# My set up ^.^



## ImTheBugFreak (Aug 17, 2011)

*In the 3 small containers on top ( T. Graminis L2/L3 / 2x Texas Unicorn Mantis L2 )*







*Left Adult Female African Twig Mantis and Right Sub-Adult Male*






*Adult Female African Twig Mantis*






*Left Adult Female, Middle Sub-Adult Male, Right Adult Female African Twig Mantids*






*Adult Male T. Graminis / L3 Texas Unicorn / L5 Budwing mantids and Ghost Ornamental 2+ inc. / A. Metallica 2+ inc. Tarantulas*






*The 3 Big containers ( Left Sub-Adult Male African Twig / Middle 2x Wide Arm L5/L6 and Right Adult Female African Twig Mantids )*


----------



## Ryan.M (Aug 17, 2011)

Quite the collection you've got there man! Looks good.

What's all in it?


----------



## PhilinYuma (Aug 17, 2011)

Yeah, it does look interesting, but good you add a little desciption under each pic?


----------



## ImTheBugFreak (Aug 17, 2011)

Ryan.M said:


> Quite the collection you've got there man! Looks good.
> 
> What's all in it?


 :lol: Thanks!

I have 3 Adult Female African Twig Mantis, 2 Sub-Adult Male African Twig Mantis,

3 Texas Unicorn Mantis Nymphs,

1 L5 Male Budwing

1 Female T. Graminis, 1 Male T. Graminis, 1 Nymph T. Graminis,

And 2 I think Female Wide Arm Mantis

Also have 1 Avicularia Metallica 2+ inc Tarantula and 1 Ghost Ornamental 2+ inc Tarantula.

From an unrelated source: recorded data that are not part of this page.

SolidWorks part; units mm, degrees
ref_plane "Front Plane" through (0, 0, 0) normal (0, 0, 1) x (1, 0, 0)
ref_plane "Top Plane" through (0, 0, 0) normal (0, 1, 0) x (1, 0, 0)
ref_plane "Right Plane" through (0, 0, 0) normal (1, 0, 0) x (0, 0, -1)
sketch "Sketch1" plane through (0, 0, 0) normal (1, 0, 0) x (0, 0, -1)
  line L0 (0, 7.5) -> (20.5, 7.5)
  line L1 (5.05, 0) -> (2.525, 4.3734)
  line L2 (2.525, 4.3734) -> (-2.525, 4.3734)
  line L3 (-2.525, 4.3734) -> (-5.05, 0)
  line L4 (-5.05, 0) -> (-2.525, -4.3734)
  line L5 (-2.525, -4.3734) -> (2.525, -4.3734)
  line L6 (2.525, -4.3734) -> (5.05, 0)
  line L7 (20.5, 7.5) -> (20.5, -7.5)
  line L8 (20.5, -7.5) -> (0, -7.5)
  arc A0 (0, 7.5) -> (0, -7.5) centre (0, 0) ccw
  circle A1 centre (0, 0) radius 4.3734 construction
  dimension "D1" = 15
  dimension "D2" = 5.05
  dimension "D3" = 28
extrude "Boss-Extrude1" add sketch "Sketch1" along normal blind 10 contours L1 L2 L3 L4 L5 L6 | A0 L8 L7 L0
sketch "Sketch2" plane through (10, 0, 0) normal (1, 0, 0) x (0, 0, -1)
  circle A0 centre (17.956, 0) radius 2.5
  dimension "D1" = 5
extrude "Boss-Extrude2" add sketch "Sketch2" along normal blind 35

That's my collection so far! Some day I will build a huge shelf that takes up one whole wall in my room and set it up to hold a lot of mantids as I can already tell I will never get tired or stop collecting / breeding these wonderful creatures!


----------



## sppc9876 (Aug 18, 2011)

Really into the popa spurca I see. Nice setups! Your divider for the widearms reminds me of myself using the packaging from GreenOasis to separate my Sphodros as well.


----------



## ImTheBugFreak (Aug 18, 2011)

sppc9876 said:


> Really into the popa spurca I see. Nice setups! Your divider for the widearms reminds me of myself using the packaging from GreenOasis to separate my Sphodros as well.


Yeah I got 2 males and 3 females to try and mate them to get some ootheca's. Will be my 1st time ever doing that so I hope for the best!

Thank you! I really want to get some see threw plastic and cut it for the dividers. In time I will have the perfect setup but for now I think this will do.


----------



## catfish (Aug 23, 2011)

If you want cheap, rigid, cuttable transparent plastic for dividers try going to the grocery store and asking for a lid to the containers the cakes come in. I use them for aquarium covers for my fish and they work really well... not to mention being either free or nearly so.


----------